What you need to do:
In the entries that follow, the first line to write out is the one containing "#154=EDGE_LOOP('',(#153));", and the last is the one containing "#173=VERTEX_POINT('',#172);". Reproduce that stretch exactly, with nothing before or after it.

(Records from a data collection)
☆ ☆ ☆ ☆ ☆

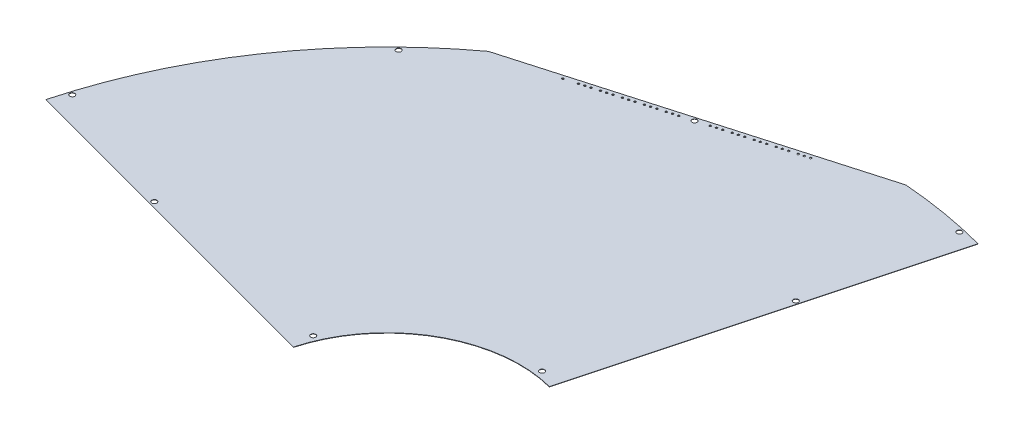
ISO-10303-21;
HEADER;
FILE_DESCRIPTION(('STEP AP214'),'2;1');
FILE_NAME('part.step','',(''),(''),'','','');
FILE_SCHEMA(('AUTOMOTIVE_DESIGN { 1 0 10303 214 1 1 1 1 }'));
ENDSEC;
DATA;
#1=APPLICATION_CONTEXT('core data for automotive mechanical design processes');
#2=APPLICATION_PROTOCOL_DEFINITION('international standard','automotive_design',2000,#1);
#3=PRODUCT_CONTEXT('',#1,'mechanical');
#4=PRODUCT('Part','Part','',(#3));
#5=PRODUCT_RELATED_PRODUCT_CATEGORY('part','',(#4));
#6=PRODUCT_DEFINITION_FORMATION('','',#4);
#7=PRODUCT_DEFINITION_CONTEXT('part definition',#1,'design');
#8=PRODUCT_DEFINITION('design','',#6,#7);
#9=PRODUCT_DEFINITION_SHAPE('','',#8);
#10=(LENGTH_UNIT() NAMED_UNIT(*) SI_UNIT(.MILLI.,.METRE.));
#11=(NAMED_UNIT(*) PLANE_ANGLE_UNIT() SI_UNIT($,.RADIAN.));
#12=(NAMED_UNIT(*) SI_UNIT($,.STERADIAN.) SOLID_ANGLE_UNIT());
#13=UNCERTAINTY_MEASURE_WITH_UNIT(LENGTH_MEASURE(1.E-05),#10,'distance_accuracy_value','');
#14=(GEOMETRIC_REPRESENTATION_CONTEXT(3) GLOBAL_UNCERTAINTY_ASSIGNED_CONTEXT((#13)) GLOBAL_UNIT_ASSIGNED_CONTEXT((#10,
#11,#12)) REPRESENTATION_CONTEXT('',''));
#15=CARTESIAN_POINT('',(0.,0.,0.));
#16=DIRECTION('',(0.,0.,1.));
#17=DIRECTION('',(1.,0.,0.));
#18=AXIS2_PLACEMENT_3D('',#15,#16,#17);
#19=CARTESIAN_POINT('',(0.,0.29,0.));
#20=DIRECTION('',(0.,-1.,0.));
#21=DIRECTION('',(0.,0.,-1.));
#22=AXIS2_PLACEMENT_3D('',#19,#20,#21);
#23=PLANE('',#22);
#24=CARTESIAN_POINT('',(-178.321606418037,0.29,-317.133102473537));
#25=DIRECTION('',(0.,1.,0.));
#26=DIRECTION('',(0.,0.,1.));
#27=AXIS2_PLACEMENT_3D('',#24,#25,#26);
#28=CIRCLE('',#27,0.749999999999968);
#29=CARTESIAN_POINT('',(-178.321606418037,0.29,-316.383102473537));
#30=VERTEX_POINT('',#29);
#31=EDGE_CURVE('E320',#30,#30,#28,.T.);
#32=ORIENTED_EDGE('',*,*,#31,.F.);
#33=EDGE_LOOP('',(#32));
#34=FACE_BOUND('',#33,.T.);
#35=CARTESIAN_POINT('',(-107.188240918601,0.29,-337.530266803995));
#36=DIRECTION('',(0.,1.,0.));
#37=DIRECTION('',(0.,0.,-1.));
#38=AXIS2_PLACEMENT_3D('',#35,#36,#37);
#39=CIRCLE('',#38,0.749999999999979);
#40=CARTESIAN_POINT('',(-107.188240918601,0.29,-338.280266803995));
#41=VERTEX_POINT('',#40);
#42=EDGE_CURVE('E322',#41,#41,#39,.T.);
#43=ORIENTED_EDGE('',*,*,#42,.F.);
#44=EDGE_LOOP('',(#43));
#45=FACE_BOUND('',#44,.T.);
#46=CARTESIAN_POINT('',(-120.645904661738,0.29,-333.671343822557));
#47=DIRECTION('',(0.,1.,0.));
#48=DIRECTION('',(0.,0.,-1.));
#49=AXIS2_PLACEMENT_3D('',#46,#47,#48);
#50=CIRCLE('',#49,0.750000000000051);
#51=CARTESIAN_POINT('',(-120.645904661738,0.29,-334.421343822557));
#52=VERTEX_POINT('',#51);
#53=EDGE_CURVE('E328',#52,#52,#50,.T.);
#54=ORIENTED_EDGE('',*,*,#53,.F.);
#55=EDGE_LOOP('',(#54));
#56=FACE_BOUND('',#55,.T.);
#57=CARTESIAN_POINT('',(-124.490951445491,0.29,-332.568794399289));
#58=DIRECTION('',(0.,1.,0.));
#59=DIRECTION('',(0.,0.,-1.));
#60=AXIS2_PLACEMENT_3D('',#57,#58,#59);
#61=CIRCLE('',#60,0.750000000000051);
#62=CARTESIAN_POINT('',(-124.490951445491,0.29,-333.318794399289));
#63=VERTEX_POINT('',#62);
#64=EDGE_CURVE('E334',#63,#63,#61,.T.);
#65=ORIENTED_EDGE('',*,*,#64,.F.);
#66=EDGE_LOOP('',(#65));
#67=FACE_BOUND('',#66,.T.);
#68=CARTESIAN_POINT('',(-111.033287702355,0.29,-336.427717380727));
#69=DIRECTION('',(0.,1.,0.));
#70=DIRECTION('',(0.,0.,-1.));
#71=AXIS2_PLACEMENT_3D('',#68,#69,#70);
#72=CIRCLE('',#71,0.750000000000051);
#73=CARTESIAN_POINT('',(-111.033287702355,0.29,-337.177717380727));
#74=VERTEX_POINT('',#73);
#75=EDGE_CURVE('E340',#74,#74,#72,.T.);
#76=ORIENTED_EDGE('',*,*,#75,.F.);
#77=EDGE_LOOP('',(#76));
#78=FACE_BOUND('',#77,.T.);
#79=CARTESIAN_POINT('',(-114.878334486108,0.29,-335.325167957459));
#80=DIRECTION('',(0.,1.,0.));
#81=DIRECTION('',(0.,0.,-1.));
#82=AXIS2_PLACEMENT_3D('',#79,#80,#81);
#83=CIRCLE('',#82,0.749999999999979);
#84=CARTESIAN_POINT('',(-114.878334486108,0.29,-336.075167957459));
#85=VERTEX_POINT('',#84);
#86=EDGE_CURVE('E346',#85,#85,#83,.T.);
#87=ORIENTED_EDGE('',*,*,#86,.F.);
#88=EDGE_LOOP('',(#87));
#89=FACE_BOUND('',#88,.T.);
#90=CARTESIAN_POINT('',(-128.335998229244,0.29,-331.466244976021));
#91=DIRECTION('',(0.,1.,0.));
#92=DIRECTION('',(0.,0.,-1.));
#93=AXIS2_PLACEMENT_3D('',#90,#91,#92);
#94=CIRCLE('',#93,0.750000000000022);
#95=CARTESIAN_POINT('',(-128.335998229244,0.29,-332.216244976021));
#96=VERTEX_POINT('',#95);
#97=EDGE_CURVE('E352',#96,#96,#94,.T.);
#98=ORIENTED_EDGE('',*,*,#97,.F.);
#99=EDGE_LOOP('',(#98));
#100=FACE_BOUND('',#99,.T.);
#101=CARTESIAN_POINT('',(-134.103568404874,0.29,-329.812420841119));
#102=DIRECTION('',(0.,1.,0.));
#103=DIRECTION('',(0.,0.,-1.));
#104=AXIS2_PLACEMENT_3D('',#101,#102,#103);
#105=CIRCLE('',#104,0.749999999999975);
#106=CARTESIAN_POINT('',(-134.103568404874,0.29,-330.562420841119));
#107=VERTEX_POINT('',#106);
#108=EDGE_CURVE('E358',#107,#107,#105,.T.);
#109=ORIENTED_EDGE('',*,*,#108,.F.);
#110=EDGE_LOOP('',(#109));
#111=FACE_BOUND('',#110,.T.);
#112=CARTESIAN_POINT('',(-137.948615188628,0.29,-328.709871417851));
#113=DIRECTION('',(0.,1.,0.));
#114=DIRECTION('',(0.,0.,-1.));
#115=AXIS2_PLACEMENT_3D('',#112,#113,#114);
#116=CIRCLE('',#115,0.74999999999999);
#117=CARTESIAN_POINT('',(-137.948615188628,0.29,-329.459871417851));
#118=VERTEX_POINT('',#117);
#119=EDGE_CURVE('E364',#118,#118,#116,.T.);
#120=ORIENTED_EDGE('',*,*,#119,.F.);
#121=EDGE_LOOP('',(#120));
#122=FACE_BOUND('',#121,.T.);
#123=CARTESIAN_POINT('',(-141.793661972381,0.29,-327.607321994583));
#124=DIRECTION('',(0.,1.,0.));
#125=DIRECTION('',(0.,0.,-1.));
#126=AXIS2_PLACEMENT_3D('',#123,#124,#125);
#127=CIRCLE('',#126,0.749999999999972);
#128=CARTESIAN_POINT('',(-141.793661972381,0.29,-328.357321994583));
#129=VERTEX_POINT('',#128);
#130=EDGE_CURVE('E370',#129,#129,#127,.T.);
#131=ORIENTED_EDGE('',*,*,#130,.F.);
#132=EDGE_LOOP('',(#131));
#133=FACE_BOUND('',#132,.T.);
#134=CARTESIAN_POINT('',(-147.561232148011,0.29,-325.953497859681));
#135=DIRECTION('',(0.,1.,0.));
#136=DIRECTION('',(0.,0.,-1.));
#137=AXIS2_PLACEMENT_3D('',#134,#135,#136);
#138=CIRCLE('',#137,0.749999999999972);
#139=CARTESIAN_POINT('',(-147.561232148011,0.29,-326.703497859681));
#140=VERTEX_POINT('',#139);
#141=EDGE_CURVE('E376',#140,#140,#138,.T.);
#142=ORIENTED_EDGE('',*,*,#141,.F.);
#143=EDGE_LOOP('',(#142));
#144=FACE_BOUND('',#143,.T.);
#145=CARTESIAN_POINT('',(-151.406278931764,0.29,-324.850948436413));
#146=DIRECTION('',(0.,1.,0.));
#147=DIRECTION('',(0.,0.,-1.));
#148=AXIS2_PLACEMENT_3D('',#145,#146,#147);
#149=CIRCLE('',#148,0.749999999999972);
#150=CARTESIAN_POINT('',(-151.406278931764,0.29,-325.600948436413));
#151=VERTEX_POINT('',#150);
#152=EDGE_CURVE('E382',#151,#151,#149,.T.);
#153=ORIENTED_EDGE('',*,*,#152,.F.);
#154=EDGE_LOOP('',(#153));
#155=FACE_BOUND('',#154,.T.);
#156=CARTESIAN_POINT('',(-155.251325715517,0.29,-323.748399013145));
#157=DIRECTION('',(0.,1.,0.));
#158=DIRECTION('',(0.,0.,-1.));
#159=AXIS2_PLACEMENT_3D('',#156,#157,#158);
#160=CIRCLE('',#159,0.749999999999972);
#161=CARTESIAN_POINT('',(-155.251325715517,0.29,-324.498399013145));
#162=VERTEX_POINT('',#161);
#163=EDGE_CURVE('E388',#162,#162,#160,.T.);
#164=ORIENTED_EDGE('',*,*,#163,.F.);
#165=EDGE_LOOP('',(#164));
#166=FACE_BOUND('',#165,.T.);
#167=CARTESIAN_POINT('',(-161.018895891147,0.29,-322.094574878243));
#168=DIRECTION('',(0.,1.,0.));
#169=DIRECTION('',(0.,0.,-1.));
#170=AXIS2_PLACEMENT_3D('',#167,#168,#169);
#171=CIRCLE('',#170,0.749999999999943);
#172=CARTESIAN_POINT('',(-161.018895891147,0.29,-322.844574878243));
#173=VERTEX_POINT('',#172);
#174=EDGE_CURVE('E394',#173,#173,#171,.T.);
#175=ORIENTED_EDGE('',*,*,#174,.F.);
#176=EDGE_LOOP('',(#175));
#177=FACE_BOUND('',#176,.T.);
#178=CARTESIAN_POINT('',(-164.863942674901,0.29,-320.992025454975));
#179=DIRECTION('',(0.,1.,0.));
#180=DIRECTION('',(0.,0.,-1.));
#181=AXIS2_PLACEMENT_3D('',#178,#179,#180);
#182=CIRCLE('',#181,0.750000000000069);
#183=CARTESIAN_POINT('',(-164.863942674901,0.29,-321.742025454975));
#184=VERTEX_POINT('',#183);
#185=EDGE_CURVE('E400',#184,#184,#182,.T.);
#186=ORIENTED_EDGE('',*,*,#185,.F.);
#187=EDGE_LOOP('',(#186));
#188=FACE_BOUND('',#187,.T.);
#189=CARTESIAN_POINT('',(-26.4422584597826,0.29,-360.683804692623));
#190=DIRECTION('',(0.,1.,0.));
#191=DIRECTION('',(0.,0.,1.));
#192=AXIS2_PLACEMENT_3D('',#189,#190,#191);
#193=CIRCLE('',#192,0.750000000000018);
#194=CARTESIAN_POINT('',(-26.4422584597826,0.29,-359.933804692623));
#195=VERTEX_POINT('',#194);
#196=EDGE_CURVE('E406',#195,#195,#193,.T.);
#197=ORIENTED_EDGE('',*,*,#196,.F.);
#198=EDGE_LOOP('',(#197));
#199=FACE_BOUND('',#198,.T.);
#200=CARTESIAN_POINT('',(-30.2873052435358,0.29,-359.581255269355));
#201=DIRECTION('',(0.,1.,0.));
#202=DIRECTION('',(0.,0.,1.));
#203=AXIS2_PLACEMENT_3D('',#200,#201,#202);
#204=CIRCLE('',#203,0.750000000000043);
#205=CARTESIAN_POINT('',(-30.2873052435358,0.29,-358.831255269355));
#206=VERTEX_POINT('',#205);
#207=EDGE_CURVE('E412',#206,#206,#204,.T.);
#208=ORIENTED_EDGE('',*,*,#207,.F.);
#209=EDGE_LOOP('',(#208));
#210=FACE_BOUND('',#209,.T.);
#211=CARTESIAN_POINT('',(-34.1323520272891,0.29,-358.478705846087));
#212=DIRECTION('',(0.,1.,0.));
#213=DIRECTION('',(0.,0.,1.));
#214=AXIS2_PLACEMENT_3D('',#211,#212,#213);
#215=CIRCLE('',#214,0.749999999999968);
#216=CARTESIAN_POINT('',(-34.1323520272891,0.29,-357.728705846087));
#217=VERTEX_POINT('',#216);
#218=EDGE_CURVE('E418',#217,#217,#215,.T.);
#219=ORIENTED_EDGE('',*,*,#218,.F.);
#220=EDGE_LOOP('',(#219));
#221=FACE_BOUND('',#220,.T.);
#222=CARTESIAN_POINT('',(-39.899922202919,0.29,-356.824881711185));
#223=DIRECTION('',(0.,1.,0.));
#224=DIRECTION('',(0.,0.,1.));
#225=AXIS2_PLACEMENT_3D('',#222,#223,#224);
#226=CIRCLE('',#225,0.749999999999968);
#227=CARTESIAN_POINT('',(-39.899922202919,0.29,-356.074881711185));
#228=VERTEX_POINT('',#227);
#229=EDGE_CURVE('E424',#228,#228,#226,.T.);
#230=ORIENTED_EDGE('',*,*,#229,.F.);
#231=EDGE_LOOP('',(#230));
#232=FACE_BOUND('',#231,.T.);
#233=CARTESIAN_POINT('',(-43.7449689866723,0.29,-355.722332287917));
#234=DIRECTION('',(0.,1.,0.));
#235=DIRECTION('',(0.,0.,1.));
#236=AXIS2_PLACEMENT_3D('',#233,#234,#235);
#237=CIRCLE('',#236,0.749999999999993);
#238=CARTESIAN_POINT('',(-43.7449689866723,0.29,-354.972332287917));
#239=VERTEX_POINT('',#238);
#240=EDGE_CURVE('E430',#239,#239,#237,.T.);
#241=ORIENTED_EDGE('',*,*,#240,.F.);
#242=EDGE_LOOP('',(#241));
#243=FACE_BOUND('',#242,.T.);
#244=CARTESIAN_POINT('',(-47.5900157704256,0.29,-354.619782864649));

☆ ☆ ☆ ☆ ☆

Output of the task:
#154=EDGE_LOOP('',(#153));
#155=FACE_BOUND('',#154,.T.);
#156=CARTESIAN_POINT('',(-155.251325715517,0.29,-323.748399013145));
#157=DIRECTION('',(0.,1.,0.));
#158=DIRECTION('',(0.,0.,-1.));
#159=AXIS2_PLACEMENT_3D('',#156,#157,#158);
#160=CIRCLE('',#159,0.749999999999972);
#161=CARTESIAN_POINT('',(-155.251325715517,0.29,-324.498399013145));
#162=VERTEX_POINT('',#161);
#163=EDGE_CURVE('E388',#162,#162,#160,.T.);
#164=ORIENTED_EDGE('',*,*,#163,.F.);
#165=EDGE_LOOP('',(#164));
#166=FACE_BOUND('',#165,.T.);
#167=CARTESIAN_POINT('',(-161.018895891147,0.29,-322.094574878243));
#168=DIRECTION('',(0.,1.,0.));
#169=DIRECTION('',(0.,0.,-1.));
#170=AXIS2_PLACEMENT_3D('',#167,#168,#169);
#171=CIRCLE('',#170,0.749999999999943);
#172=CARTESIAN_POINT('',(-161.018895891147,0.29,-322.844574878243));
#173=VERTEX_POINT('',#172);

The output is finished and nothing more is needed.